Currently, the outputs are only in .ndjson and .csv files under https://analytics.wikimedia.org/published/datasets/one-off/html-dump-scraper-refs/, but these can only be analyzed after import or by using eg. jq.
- Plan Hive schema, map data types.
- Page summary schema should match internal analysis, use discrete fields and native data types, not a JSON blob.
- Maybe truncate long lists eg. of templates used on the page? (product question, not blocking)
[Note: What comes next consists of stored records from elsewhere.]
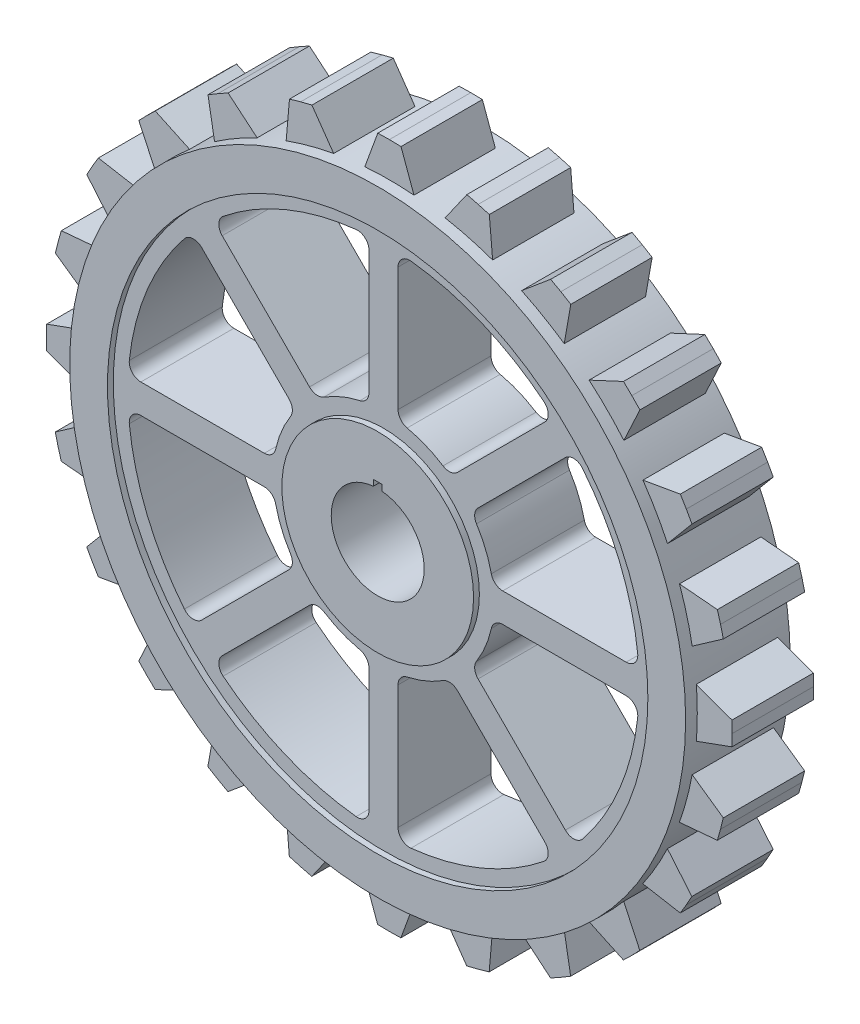
from build123d import *

# Parameters (mm, degrees)
BOSS_EXTRUDE4_DEPTH      = 9000
BOSS_EXTRUDE4_DEPTH_BACK = 9000
SKETCH1_R                = 53000
SKETCH1_R_2              = 46500
BOSS_EXTRUDE5_DEPTH      = 7000
BOSS_EXTRUDE5_DEPTH_BACK = 7000
BOSS_EXTRUDE6_DEPTH      = 8000
BOSS_EXTRUDE6_DEPTH_BACK = 8000
SKETCH3_R                = 46500
SKETCH3_R_2              = 16500
BOSS_EXTRUDE8_DEPTH      = 9000
BOSS_EXTRUDE8_DEPTH_BACK = 9000
SKETCH4_R                = 16500


with BuildPart() as part:
    # Sketch1 → Boss-Extrude4 (new, two sides: drawn at the far end of the back side and taken through both)
    with BuildSketch(Plane.XY.offset(-BOSS_EXTRUDE4_DEPTH_BACK)):
        with Locations((-5.964976959, 13.752585765)):
            Circle(SKETCH1_R)
        with Locations((-5.964976959, 13.752585765)):
            Circle(SKETCH1_R_2, mode=Mode.SUBTRACT)
    extrude(amount=BOSS_EXTRUDE4_DEPTH + BOSS_EXTRUDE4_DEPTH_BACK)

    # Sketch2 → Boss-Extrude5 (add, two sides: drawn at the far end of the back side and taken through both)
    with BuildSketch(Plane.XY.offset(-BOSS_EXTRUDE5_DEPTH_BACK)):
        Polygon((-52494.637998755, 4371.056522957), (-52496.669829396, -4346.58608228), (-58972.998826027, -1985.975704001), (-59005.964976959, 13.752585765), (-58972.066671874, 2013.465291359), align=None)
        Polygon((-49574.613909333, 17808.728463533), (-51832.868441655, 9388.658203244), (-57477.55095508, 13345.030020107), (-56991.826045237, 15285.151488458), (-56441.519063947, 17207.952108997), align=None)
        Polygon((-43276.161807912, 30032.764989636), (-47636.742727481, 22484.080947708), (-52065.10297269, 27766.59400205), (-51093.788351978, 29514.89257712), (-50064.575205833, 31229.745427892), align=None)
        Polygon((-34028.510796521, 40210.118213185), (-40194.251719868, 34047.250732286), (-43104.504264361, 40295.910489219), (-41713.79341901, 41733.242512317), (-40275.813283063, 43123.283205471), align=None)
        Polygon((-22461.873009121, 47647.218330869), (-30012.588881689, 43290.156645202), (-31206.404823978, 50079.127268689), (-29491.07239984, 51107.540937745), (-27742.321243983, 52078.040497193), align=None)
        Polygon((-9364.495696149, 51837.239260055), (-17785.617709371, 49582.909923113), (-17181.640465863, 56449.534284469), (-15258.583532921, 56998.944907469), (-13318.235858478, 57483.765392062), align=None)
        Polygon((4371.056522955, 52494.637998757), (-4346.586082281, 52496.669829397), (-1985.975704002, 58972.998826028), (13.752585764, 59005.96497696), (2013.465291358, 58972.066671875), align=None)
        Polygon((17808.728463532, 49574.613909335), (9388.658203242, 51832.868441657), (13345.030020106, 57477.550955083), (15285.151488457, 56991.826045239), (17207.952108996, 56441.519063949), align=None)
        Polygon((30032.764989635, 43276.161807914), (22484.080947707, 47636.742727483), (27766.594002049, 52065.102972692), (29514.892577119, 51093.788351981), (31229.745427891, 50064.575205835), align=None)
        Polygon((40210.118213184, 34028.510796523), (34047.250732285, 40194.251719871), (40295.910489218, 43104.504264363), (41733.242512316, 41713.793419012), (43123.28320547, 40275.813283066), align=None)
        Polygon((47647.218330868, 22461.873009123), (43290.1566452, 30012.588881691), (50079.127268688, 31206.40482398), (51107.540937743, 29491.072399842), (52078.040497191, 27742.321243985), align=None)
        Polygon((51837.239260054, 9364.49569615), (49582.909923112, 17785.617709372), (56449.534284468, 17181.640465865), (56998.944907468, 15258.583532923), (57483.76539206, 13318.235858479), align=None)
        Polygon((52494.637998756, -4371.056522954), (52496.669829396, 4346.586082283), (58972.998826027, 1985.975704004), (59005.964976959, -13.752585762), (58972.066671874, -2013.465291356), align=None)
        Polygon((49574.613909333, -17808.728463531), (51832.868441656, -9388.658203241), (57477.550955081, -13345.030020104), (56991.826045238, -15285.151488455), (56441.519063948, -17207.952108994), align=None)
        Polygon((43276.161807913, -30032.764989633), (47636.742727482, -22484.080947705), (52065.102972691, -27766.594002047), (51093.788351979, -29514.892577117), (50064.575205834, -31229.745427889), align=None)
        Polygon((34028.510796522, -40210.118213183), (40194.251719869, -34047.250732283), (43104.504264362, -40295.910489216), (41713.793419011, -41733.242512314), (40275.813283065, -43123.283205468), align=None)
        Polygon((22461.873009121, -47647.218330866), (30012.58888169, -43290.156645199), (31206.404823979, -50079.127268686), (29491.07239984, -51107.540937742), (27742.321243983, -52078.04049719), align=None)
        Polygon((9364.495696149, -51837.239260052), (17785.617709371, -49582.90992311), (17181.640465863, -56449.534284466), (15258.583532922, -56998.944907466), (13318.235858478, -57483.765392059), align=None)
        Polygon((-4371.056522955, -52494.637998754), (4346.586082282, -52496.669829394), (1985.975704003, -58972.998826025), (-13.752585764, -59005.964976957), (-2013.465291357, -58972.066671872), align=None)
        Polygon((-17808.728463532, -49574.613909332), (-9388.658203242, -51832.868441654), (-13345.030020105, -57477.55095508), (-15285.151488457, -56991.826045236), (-17207.952108995, -56441.519063946), align=None)
        Polygon((-30032.764989634, -43276.161807911), (-22484.080947706, -47636.74272748), (-27766.594002048, -52065.102972689), (-29514.892577118, -51093.788351978), (-31229.745427891, -50064.575205832), align=None)
        Polygon((-40210.118213184, -34028.51079652), (-34047.250732285, -40194.251719868), (-40295.910489218, -43104.50426436), (-41733.242512316, -41713.793419009), (-43123.28320547, -40275.813283063), align=None)
        Polygon((-47647.218330869, -22461.873009119), (-43290.156645201, -30012.588881688), (-50079.127268689, -31206.404823976), (-51107.540937744, -29491.072399838), (-52078.040497192, -27742.321243981), align=None)
        Polygon((-51837.239260054, -9364.495696147), (-49582.909923112, -17785.617709369), (-56449.534284468, -17181.640465861), (-56998.944907468, -15258.583532919), (-57483.765392061, -13318.235858475), align=None)
    extrude(amount=BOSS_EXTRUDE5_DEPTH + BOSS_EXTRUDE5_DEPTH_BACK)

    # Sketch3 → Boss-Extrude6 (add, two sides: drawn at the far end of the back side and taken through both)
    with BuildSketch(Plane.XY.offset(-BOSS_EXTRUDE6_DEPTH_BACK)):
        Circle(SKETCH3_R)
        Circle(SKETCH3_R_2, mode=Mode.SUBTRACT)
        with BuildLine():
            Line((2500, 20512.191496766), (2500, 41758.232721225))
            ThreePointArc((2500, 41758.232721225), (3163.693790438, 43246.280339511), (4714.285714286, 43746.719993664))
            ThreePointArc((4714.285714286, 43746.719993664), (16838.071024064, 40650.699430497), (27600.098965167, 34267.105759212))
            ThreePointArc((27600.098965167, 34267.105759212), (28342.668756346, 32816.807421979), (27759.762574578, 31295.296480511))
            Line((27759.762574578, 31295.296480511), (12736.542751394, 16272.076657327))
            ThreePointArc((12736.542751394, 16272.076657327), (11537.870258632, 15697.938629233), (10244.0121234, 16001.881627347))
            ThreePointArc((10244.0121234, 16001.881627347), (7270.985214937, 17553.711117714), (4071.428571429, 18558.649449455))
            ThreePointArc((4071.428571429, 18558.649449455), (2941.612555052, 19258.62515571), (2500, 20512.191496766))
        make_face(mode=Mode.SUBTRACT)
        with BuildLine():
            Line((16272.076657327, 12736.542751394), (31295.296480511, 27759.762574578))
            ThreePointArc((31295.296480511, 27759.762574578), (32816.807421979, 28342.668756346), (34267.105759212, 27600.098965167))
            ThreePointArc((34267.105759212, 27600.098965167), (40650.699430497, 16838.071024064), (43746.719993664, 4714.285714286))
            ThreePointArc((43746.719993664, 4714.285714286), (43246.280339511, 3163.693790438), (41758.232721225, 2500))
            Line((41758.232721225, 2500), (20512.191496766, 2500))
            ThreePointArc((20512.191496766, 2500), (19258.62515571, 2941.612555052), (18558.649449455, 4071.428571429))
            ThreePointArc((18558.649449455, 4071.428571429), (17553.711117714, 7270.985214937), (16001.881627347, 10244.0121234))
            ThreePointArc((16001.881627347, 10244.0121234), (15697.938629233, 11537.870258632), (16272.076657327, 12736.542751394))
        make_face(mode=Mode.SUBTRACT)
        with BuildLine():
            Line((20512.191496766, -2500), (41758.232721225, -2500))
            ThreePointArc((41758.232721225, -2500), (43246.280339511, -3163.693790438), (43746.719993664, -4714.285714286))
            ThreePointArc((43746.719993664, -4714.285714286), (40650.699430497, -16838.071024064), (34267.105759211, -27600.098965167))
            ThreePointArc((34267.105759211, -27600.098965167), (32816.807421979, -28342.668756346), (31295.296480511, -27759.762574578))
            Line((31295.296480511, -27759.762574578), (16272.076657327, -12736.542751394))
            ThreePointArc((16272.076657327, -12736.542751394), (15697.938629233, -11537.870258632), (16001.881627347, -10244.0121234))
            ThreePointArc((16001.881627347, -10244.0121234), (17553.711117714, -7270.985214937), (18558.649449455, -4071.428571429))
            ThreePointArc((18558.649449455, -4071.428571429), (19258.62515571, -2941.612555052), (20512.191496766, -2500))
        make_face(mode=Mode.SUBTRACT)
        with BuildLine():
            Line((12736.542751394, -16272.076657327), (27759.762574578, -31295.296480511))
            ThreePointArc((27759.762574578, -31295.296480511), (28342.668756346, -32816.807421979), (27600.098965167, -34267.105759212))
            ThreePointArc((27600.098965167, -34267.105759212), (16838.071024064, -40650.699430497), (4714.285714285, -43746.719993664))
            ThreePointArc((4714.285714285, -43746.719993664), (3163.693790438, -43246.280339511), (2500, -41758.232721225))
            Line((2500, -41758.232721225), (2500, -20512.191496766))
            ThreePointArc((2500, -20512.191496766), (2941.612555052, -19258.62515571), (4071.428571428, -18558.649449455))
            ThreePointArc((4071.428571428, -18558.649449455), (7270.985214937, -17553.711117714), (10244.0121234, -16001.881627347))
            ThreePointArc((10244.0121234, -16001.881627347), (11537.870258632, -15697.938629233), (12736.542751394, -16272.076657327))
        make_face(mode=Mode.SUBTRACT)
        with BuildLine():
            Line((-2500, -20512.191496766), (-2500, -41758.232721225))
            ThreePointArc((-2500, -41758.232721225), (-3163.693790438, -43246.280339511), (-4714.285714286, -43746.719993664))
            ThreePointArc((-4714.285714286, -43746.719993664), (-16838.071024064, -40650.699430496), (-27600.098965167, -34267.105759211))
            ThreePointArc((-27600.098965167, -34267.105759211), (-28342.668756346, -32816.807421979), (-27759.762574578, -31295.29648051))
            Line((-27759.762574578, -31295.29648051), (-12736.542751394, -16272.076657327))
            ThreePointArc((-12736.542751394, -16272.076657327), (-11537.870258632, -15697.938629233), (-10244.0121234, -16001.881627347))
            ThreePointArc((-10244.0121234, -16001.881627347), (-7270.985214937, -17553.711117714), (-4071.428571429, -18558.649449455))
            ThreePointArc((-4071.428571429, -18558.649449455), (-2941.612555052, -19258.62515571), (-2500, -20512.191496766))
        make_face(mode=Mode.SUBTRACT)
        with BuildLine():
            Line((-16272.076657327, -12736.542751394), (-31295.296480511, -27759.762574578))
            ThreePointArc((-31295.296480511, -27759.762574578), (-32816.807421979, -28342.668756346), (-34267.105759212, -27600.098965167))
            ThreePointArc((-34267.105759212, -27600.098965167), (-40650.699430497, -16838.071024064), (-43746.719993664, -4714.285714285))
            ThreePointArc((-43746.719993664, -4714.285714285), (-43246.280339511, -3163.693790437), (-41758.232721225, -2500))
            Line((-41758.232721225, -2500), (-20512.191496766, -2500))
            ThreePointArc((-20512.191496766, -2500), (-19258.62515571, -2941.612555052), (-18558.649449455, -4071.428571428))
            ThreePointArc((-18558.649449455, -4071.428571428), (-17553.711117715, -7270.985214937), (-16001.881627347, -10244.0121234))
            ThreePointArc((-16001.881627347, -10244.0121234), (-15697.938629233, -11537.870258631), (-16272.076657327, -12736.542751394))
        make_face(mode=Mode.SUBTRACT)
        with BuildLine():
            Line((-20512.191496766, 2500), (-41758.232721225, 2500))
            ThreePointArc((-41758.232721225, 2500), (-43246.280339511, 3163.693790438), (-43746.719993664, 4714.285714286))
            ThreePointArc((-43746.719993664, 4714.285714286), (-40650.699430496, 16838.071024064), (-34267.105759211, 27600.098965167))
            ThreePointArc((-34267.105759211, 27600.098965167), (-32816.807421979, 28342.668756347), (-31295.29648051, 27759.762574578))
            Line((-31295.29648051, 27759.762574578), (-16272.076657327, 12736.542751394))
            ThreePointArc((-16272.076657327, 12736.542751394), (-15697.938629233, 11537.870258632), (-16001.881627347, 10244.0121234))
            ThreePointArc((-16001.881627347, 10244.0121234), (-17553.711117714, 7270.985214937), (-18558.649449455, 4071.428571429))
            ThreePointArc((-18558.649449455, 4071.428571429), (-19258.62515571, 2941.612555052), (-20512.191496766, 2500))
        make_face(mode=Mode.SUBTRACT)
        with BuildLine():
            Line((-12736.542751394, 16272.076657327), (-27759.762574578, 31295.296480511))
            ThreePointArc((-27759.762574578, 31295.296480511), (-28342.668756346, 32816.807421979), (-27600.098965167, 34267.105759212))
            ThreePointArc((-27600.098965167, 34267.105759212), (-16838.071024063, 40650.699430497), (-4714.285714285, 43746.719993665))
            ThreePointArc((-4714.285714285, 43746.719993665), (-3163.693790437, 43246.280339511), (-2499.999999999, 41758.232721225))
            Line((-2499.999999999, 41758.232721225), (-2500, 20512.191496766))
            ThreePointArc((-2500, 20512.191496766), (-2941.612555052, 19258.62515571), (-4071.428571428, 18558.649449455))
            ThreePointArc((-4071.428571428, 18558.649449455), (-7270.985214936, 17553.711117715), (-10244.0121234, 16001.881627348))
            ThreePointArc((-10244.0121234, 16001.881627348), (-11537.870258631, 15697.938629233), (-12736.542751394, 16272.076657327))
        make_face(mode=Mode.SUBTRACT)
    extrude(amount=BOSS_EXTRUDE6_DEPTH + BOSS_EXTRUDE6_DEPTH_BACK)

    # Sketch4 → Boss-Extrude8 (add, two sides: drawn at the far end of the back side and taken through both)
    with BuildSketch(Plane.XY.offset(-BOSS_EXTRUDE8_DEPTH_BACK)):
        Circle(SKETCH4_R)
        with BuildLine():
            Line((-750, 9000), (750, 9000))
            Line((750, 9000), (750, 7964.766161037))
            ThreePointArc((750, 7964.766161037), (0, -8000), (-750, 7964.766161037))
            Line((-750, 7964.766161037), (-750, 9000))
        make_face(mode=Mode.SUBTRACT)
    extrude(amount=BOSS_EXTRUDE8_DEPTH + BOSS_EXTRUDE8_DEPTH_BACK)


solid = part.part

- Note: map<string, int> is troublesome because an empty map always defaults to map<string, string>
- Upstream protocols must preserve structure
- Write event schema: https://gitlab.wikimedia.org/repos/data-engineering/schemas-event-secondary/-/merge_requests/100
- Decide on database and namespace.
- Proposal: wmde.page_summary, wmde.wiki_summary
- EventGate: wmde_page_analysis
- Scraper persists outputs in Hive.
- Refactor pipeline.ex so that page summarization is a stream from input (enterprise or local file) to output (hive exporter, local file...)
- Output module to export to EventGate. Are batch inserts possible?
- Provide example HiveQL queries.
- Write Airflow or dbt jobs. See https://gitlab.wikimedia.org/repos/data-engineering/dbt-jobs
- Include sensors and alerts. "wiki snapshot is completely analyzed", "monthly snapshot never arrived"...
- Refine EventGate data into independent page_summary and wiki_summary tables.
- Keep 13 months of snapshots so we can analyze month-on-month.
- Take over per-wiki aggregation (then remove aggregation code from scraper).
Schema
The per-page table will hold all analysis outputs, mapped into Hive native data types. The analytics table we produce will be partitioned by snapshot date and by wiki.
Event schema is here: https://gitlab.wikimedia.org/repos/data-engineering/schemas-event-secondary/-/merge_requests/100/diffs#9bbb8dc587021608f5b2a2a221211594a6a57591 .
Out of scope
There are no known external consumers of the published analytics files, so no obligation to keep producing the old file format. Published files should be deleted.